(Data extracted from a collection)

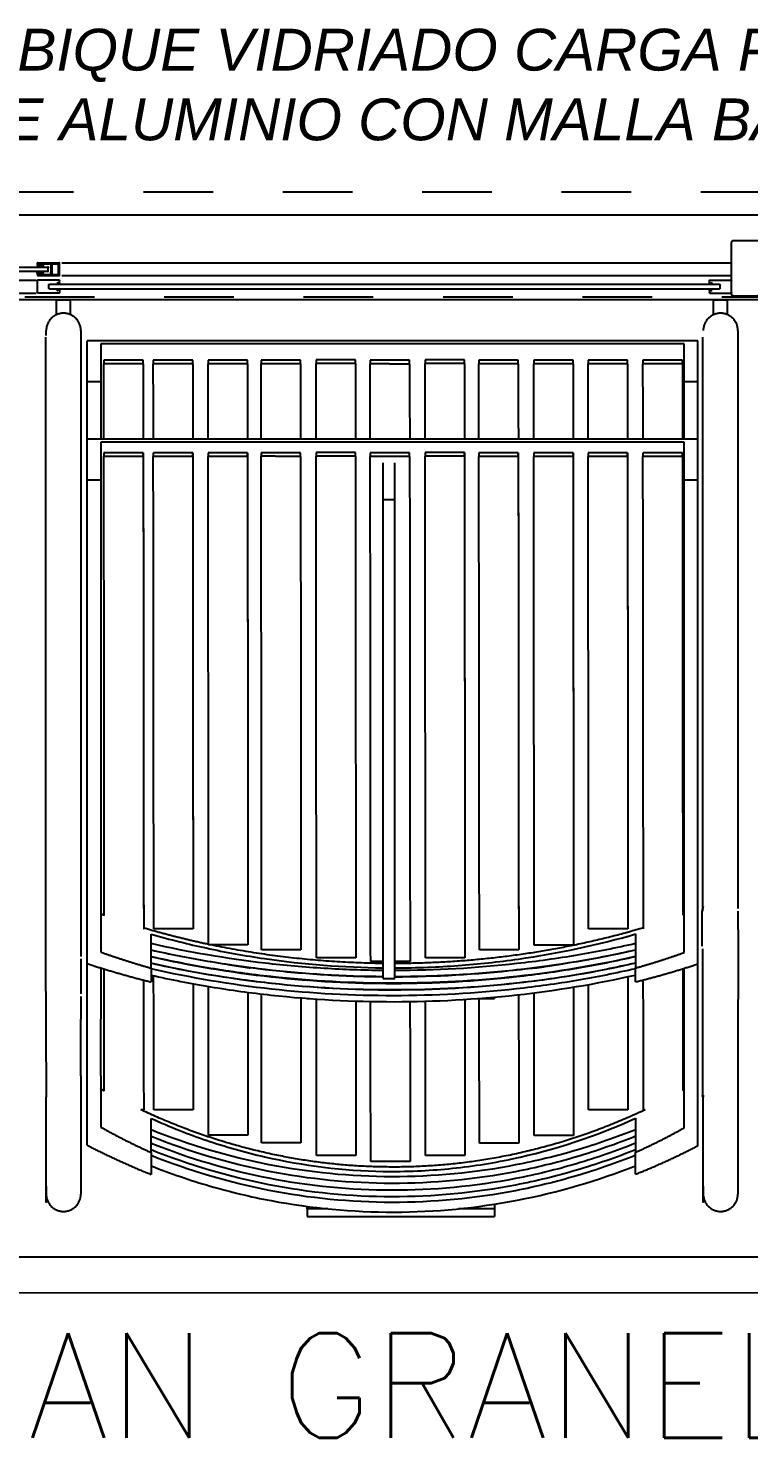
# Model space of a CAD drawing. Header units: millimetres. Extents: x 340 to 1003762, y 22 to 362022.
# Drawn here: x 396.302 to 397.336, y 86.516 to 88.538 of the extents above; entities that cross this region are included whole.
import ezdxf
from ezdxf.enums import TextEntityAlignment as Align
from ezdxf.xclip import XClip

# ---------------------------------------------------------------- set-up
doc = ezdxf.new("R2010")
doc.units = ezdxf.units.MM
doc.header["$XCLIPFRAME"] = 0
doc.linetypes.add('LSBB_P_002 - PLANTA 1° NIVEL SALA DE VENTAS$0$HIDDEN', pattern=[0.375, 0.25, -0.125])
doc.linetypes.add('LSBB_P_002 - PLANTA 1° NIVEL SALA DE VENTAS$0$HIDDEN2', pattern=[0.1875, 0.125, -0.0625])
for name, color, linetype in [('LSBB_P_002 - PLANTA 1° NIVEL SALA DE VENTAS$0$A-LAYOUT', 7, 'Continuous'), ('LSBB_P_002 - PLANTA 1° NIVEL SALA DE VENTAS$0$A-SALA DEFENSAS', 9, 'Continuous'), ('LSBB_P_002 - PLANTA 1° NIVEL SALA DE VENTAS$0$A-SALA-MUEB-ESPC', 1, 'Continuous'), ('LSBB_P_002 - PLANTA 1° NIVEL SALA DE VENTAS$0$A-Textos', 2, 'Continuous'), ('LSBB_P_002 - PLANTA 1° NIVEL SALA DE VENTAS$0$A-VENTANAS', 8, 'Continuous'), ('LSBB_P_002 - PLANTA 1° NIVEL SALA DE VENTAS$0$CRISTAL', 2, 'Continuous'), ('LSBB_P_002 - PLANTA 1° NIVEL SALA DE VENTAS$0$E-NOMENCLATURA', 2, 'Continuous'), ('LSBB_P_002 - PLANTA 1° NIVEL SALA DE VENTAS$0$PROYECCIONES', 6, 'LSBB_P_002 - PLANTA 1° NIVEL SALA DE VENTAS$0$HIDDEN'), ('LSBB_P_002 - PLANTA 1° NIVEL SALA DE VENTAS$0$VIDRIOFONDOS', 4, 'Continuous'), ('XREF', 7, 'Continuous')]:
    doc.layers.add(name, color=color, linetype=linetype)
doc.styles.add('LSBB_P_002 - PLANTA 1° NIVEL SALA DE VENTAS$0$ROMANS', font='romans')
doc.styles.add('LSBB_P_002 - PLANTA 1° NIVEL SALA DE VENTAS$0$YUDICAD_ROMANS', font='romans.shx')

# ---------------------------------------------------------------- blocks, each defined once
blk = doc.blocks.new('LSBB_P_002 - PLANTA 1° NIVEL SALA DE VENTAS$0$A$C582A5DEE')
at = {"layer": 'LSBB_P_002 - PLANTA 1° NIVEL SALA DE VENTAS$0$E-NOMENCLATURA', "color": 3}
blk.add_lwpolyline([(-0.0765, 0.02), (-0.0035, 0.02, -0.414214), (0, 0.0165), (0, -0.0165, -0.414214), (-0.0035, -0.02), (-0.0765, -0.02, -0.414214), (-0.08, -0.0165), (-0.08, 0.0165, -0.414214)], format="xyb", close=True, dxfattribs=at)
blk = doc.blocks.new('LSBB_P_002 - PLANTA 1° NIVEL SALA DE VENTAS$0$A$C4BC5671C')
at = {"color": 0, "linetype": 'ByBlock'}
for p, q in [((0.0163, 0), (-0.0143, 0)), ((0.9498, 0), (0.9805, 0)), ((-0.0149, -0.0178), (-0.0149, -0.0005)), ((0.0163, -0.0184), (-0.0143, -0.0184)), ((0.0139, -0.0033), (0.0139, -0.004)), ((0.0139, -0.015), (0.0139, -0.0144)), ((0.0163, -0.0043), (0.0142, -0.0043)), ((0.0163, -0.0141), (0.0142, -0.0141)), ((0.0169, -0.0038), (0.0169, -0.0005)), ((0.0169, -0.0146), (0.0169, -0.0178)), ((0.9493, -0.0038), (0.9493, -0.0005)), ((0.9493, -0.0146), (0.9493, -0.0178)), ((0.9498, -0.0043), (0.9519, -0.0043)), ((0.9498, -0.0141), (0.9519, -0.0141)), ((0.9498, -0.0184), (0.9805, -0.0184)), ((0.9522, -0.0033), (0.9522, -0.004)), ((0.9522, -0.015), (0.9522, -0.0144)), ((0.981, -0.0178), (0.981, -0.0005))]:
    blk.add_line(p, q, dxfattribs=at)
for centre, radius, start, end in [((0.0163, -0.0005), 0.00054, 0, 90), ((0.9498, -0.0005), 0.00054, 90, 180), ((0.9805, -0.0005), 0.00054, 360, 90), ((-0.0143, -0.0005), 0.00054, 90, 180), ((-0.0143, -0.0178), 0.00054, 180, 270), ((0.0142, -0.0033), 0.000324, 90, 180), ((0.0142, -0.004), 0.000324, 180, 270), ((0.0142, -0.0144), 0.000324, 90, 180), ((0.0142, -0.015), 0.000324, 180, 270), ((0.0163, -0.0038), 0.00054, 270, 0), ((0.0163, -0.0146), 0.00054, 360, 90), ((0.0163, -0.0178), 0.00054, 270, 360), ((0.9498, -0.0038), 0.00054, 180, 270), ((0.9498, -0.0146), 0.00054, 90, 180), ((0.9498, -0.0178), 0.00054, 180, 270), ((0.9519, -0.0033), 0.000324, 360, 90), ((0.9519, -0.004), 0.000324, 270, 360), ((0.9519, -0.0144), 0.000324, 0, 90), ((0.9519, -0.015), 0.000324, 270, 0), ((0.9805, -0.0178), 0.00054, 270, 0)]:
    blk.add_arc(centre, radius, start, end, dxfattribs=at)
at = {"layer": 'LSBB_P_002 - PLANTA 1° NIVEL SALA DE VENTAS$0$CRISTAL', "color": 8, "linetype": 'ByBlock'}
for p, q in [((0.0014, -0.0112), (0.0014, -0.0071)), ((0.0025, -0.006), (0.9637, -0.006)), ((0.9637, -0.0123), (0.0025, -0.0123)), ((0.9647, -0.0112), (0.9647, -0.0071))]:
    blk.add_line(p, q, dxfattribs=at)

*ASSIGNED TASK:* Copy the preceding data in full and word for word, dropping its pictures.

*SOLUTION TO THIS EXERCISE:*
# Model space of a CAD drawing. Header units: millimetres. Extents: x 340 to 1003762, y 22 to 362022.
# Drawn here: x 396.302 to 397.336, y 86.516 to 88.538 of the extents above; entities that cross this region are included whole.
import ezdxf
from ezdxf.enums import TextEntityAlignment as Align
from ezdxf.xclip import XClip

# ---------------------------------------------------------------- set-up
doc = ezdxf.new("R2010")
doc.units = ezdxf.units.MM
doc.header["$XCLIPFRAME"] = 0
doc.linetypes.add('LSBB_P_002 - PLANTA 1° NIVEL SALA DE VENTAS$0$HIDDEN', pattern=[0.375, 0.25, -0.125])
doc.linetypes.add('LSBB_P_002 - PLANTA 1° NIVEL SALA DE VENTAS$0$HIDDEN2', pattern=[0.1875, 0.125, -0.0625])
for name, color, linetype in [('LSBB_P_002 - PLANTA 1° NIVEL SALA DE VENTAS$0$A-LAYOUT', 7, 'Continuous'), ('LSBB_P_002 - PLANTA 1° NIVEL SALA DE VENTAS$0$A-SALA DEFENSAS', 9, 'Continuous'), ('LSBB_P_002 - PLANTA 1° NIVEL SALA DE VENTAS$0$A-SALA-MUEB-ESPC', 1, 'Continuous'), ('LSBB_P_002 - PLANTA 1° NIVEL SALA DE VENTAS$0$A-Textos', 2, 'Continuous'), ('LSBB_P_002 - PLANTA 1° NIVEL SALA DE VENTAS$0$A-VENTANAS', 8, 'Continuous'), ('LSBB_P_002 - PLANTA 1° NIVEL SALA DE VENTAS$0$CRISTAL', 2, 'Continuous'), ('LSBB_P_002 - PLANTA 1° NIVEL SALA DE VENTAS$0$E-NOMENCLATURA', 2, 'Continuous'), ('LSBB_P_002 - PLANTA 1° NIVEL SALA DE VENTAS$0$PROYECCIONES', 6, 'LSBB_P_002 - PLANTA 1° NIVEL SALA DE VENTAS$0$HIDDEN'), ('LSBB_P_002 - PLANTA 1° NIVEL SALA DE VENTAS$0$VIDRIOFONDOS', 4, 'Continuous'), ('XREF', 7, 'Continuous')]:
    doc.layers.add(name, color=color, linetype=linetype)
doc.styles.add('LSBB_P_002 - PLANTA 1° NIVEL SALA DE VENTAS$0$ROMANS', font='romans')
doc.styles.add('LSBB_P_002 - PLANTA 1° NIVEL SALA DE VENTAS$0$YUDICAD_ROMANS', font='romans.shx')

# ---------------------------------------------------------------- blocks, each defined once
blk = doc.blocks.new('LSBB_P_002 - PLANTA 1° NIVEL SALA DE VENTAS$0$A$C582A5DEE')
at = {"layer": 'LSBB_P_002 - PLANTA 1° NIVEL SALA DE VENTAS$0$E-NOMENCLATURA', "color": 3}
blk.add_lwpolyline([(-0.0765, 0.02), (-0.0035, 0.02, -0.414214), (0, 0.0165), (0, -0.0165, -0.414214), (-0.0035, -0.02), (-0.0765, -0.02, -0.414214), (-0.08, -0.0165), (-0.08, 0.0165, -0.414214)], format="xyb", close=True, dxfattribs=at)
blk = doc.blocks.new('LSBB_P_002 - PLANTA 1° NIVEL SALA DE VENTAS$0$A$C4BC5671C')
at = {"color": 0, "linetype": 'ByBlock'}
for p, q in [((0.0163, 0), (-0.0143, 0)), ((0.9498, 0), (0.9805, 0)), ((-0.0149, -0.0178), (-0.0149, -0.0005)), ((0.0163, -0.0184), (-0.0143, -0.0184)), ((0.0139, -0.0033), (0.0139, -0.004)), ((0.0139, -0.015), (0.0139, -0.0144)), ((0.0163, -0.0043), (0.0142, -0.0043)), ((0.0163, -0.0141), (0.0142, -0.0141)), ((0.0169, -0.0038), (0.0169, -0.0005)), ((0.0169, -0.0146), (0.0169, -0.0178)), ((0.9493, -0.0038), (0.9493, -0.0005)), ((0.9493, -0.0146), (0.9493, -0.0178)), ((0.9498, -0.0043), (0.9519, -0.0043)), ((0.9498, -0.0141), (0.9519, -0.0141)), ((0.9498, -0.0184), (0.9805, -0.0184)), ((0.9522, -0.0033), (0.9522, -0.004)), ((0.9522, -0.015), (0.9522, -0.0144)), ((0.981, -0.0178), (0.981, -0.0005))]:
    blk.add_line(p, q, dxfattribs=at)
for centre, radius, start, end in [((0.0163, -0.0005), 0.00054, 0, 90), ((0.9498, -0.0005), 0.00054, 90, 180), ((0.9805, -0.0005), 0.00054, 360, 90), ((-0.0143, -0.0005), 0.00054, 90, 180), ((-0.0143, -0.0178), 0.00054, 180, 270), ((0.0142, -0.0033), 0.000324, 90, 180), ((0.0142, -0.004), 0.000324, 180, 270), ((0.0142, -0.0144), 0.000324, 90, 180), ((0.0142, -0.015), 0.000324, 180, 270), ((0.0163, -0.0038), 0.00054, 270, 0), ((0.0163, -0.0146), 0.00054, 360, 90), ((0.0163, -0.0178), 0.00054, 270, 360), ((0.9498, -0.0038), 0.00054, 180, 270), ((0.9498, -0.0146), 0.00054, 90, 180), ((0.9498, -0.0178), 0.00054, 180, 270), ((0.9519, -0.0033), 0.000324, 360, 90), ((0.9519, -0.004), 0.000324, 270, 360), ((0.9519, -0.0144), 0.000324, 0, 90), ((0.9519, -0.015), 0.000324, 270, 0), ((0.9805, -0.0178), 0.00054, 270, 0)]:
    blk.add_arc(centre, radius, start, end, dxfattribs=at)
at = {"layer": 'LSBB_P_002 - PLANTA 1° NIVEL SALA DE VENTAS$0$CRISTAL', "color": 8, "linetype": 'ByBlock'}
for p, q in [((0.0014, -0.0112), (0.0014, -0.0071)), ((0.0025, -0.006), (0.9637, -0.006)), ((0.9637, -0.0123), (0.0025, -0.0123)), ((0.9647, -0.0112), (0.9647, -0.0071))]:
    blk.add_line(p, q, dxfattribs=at)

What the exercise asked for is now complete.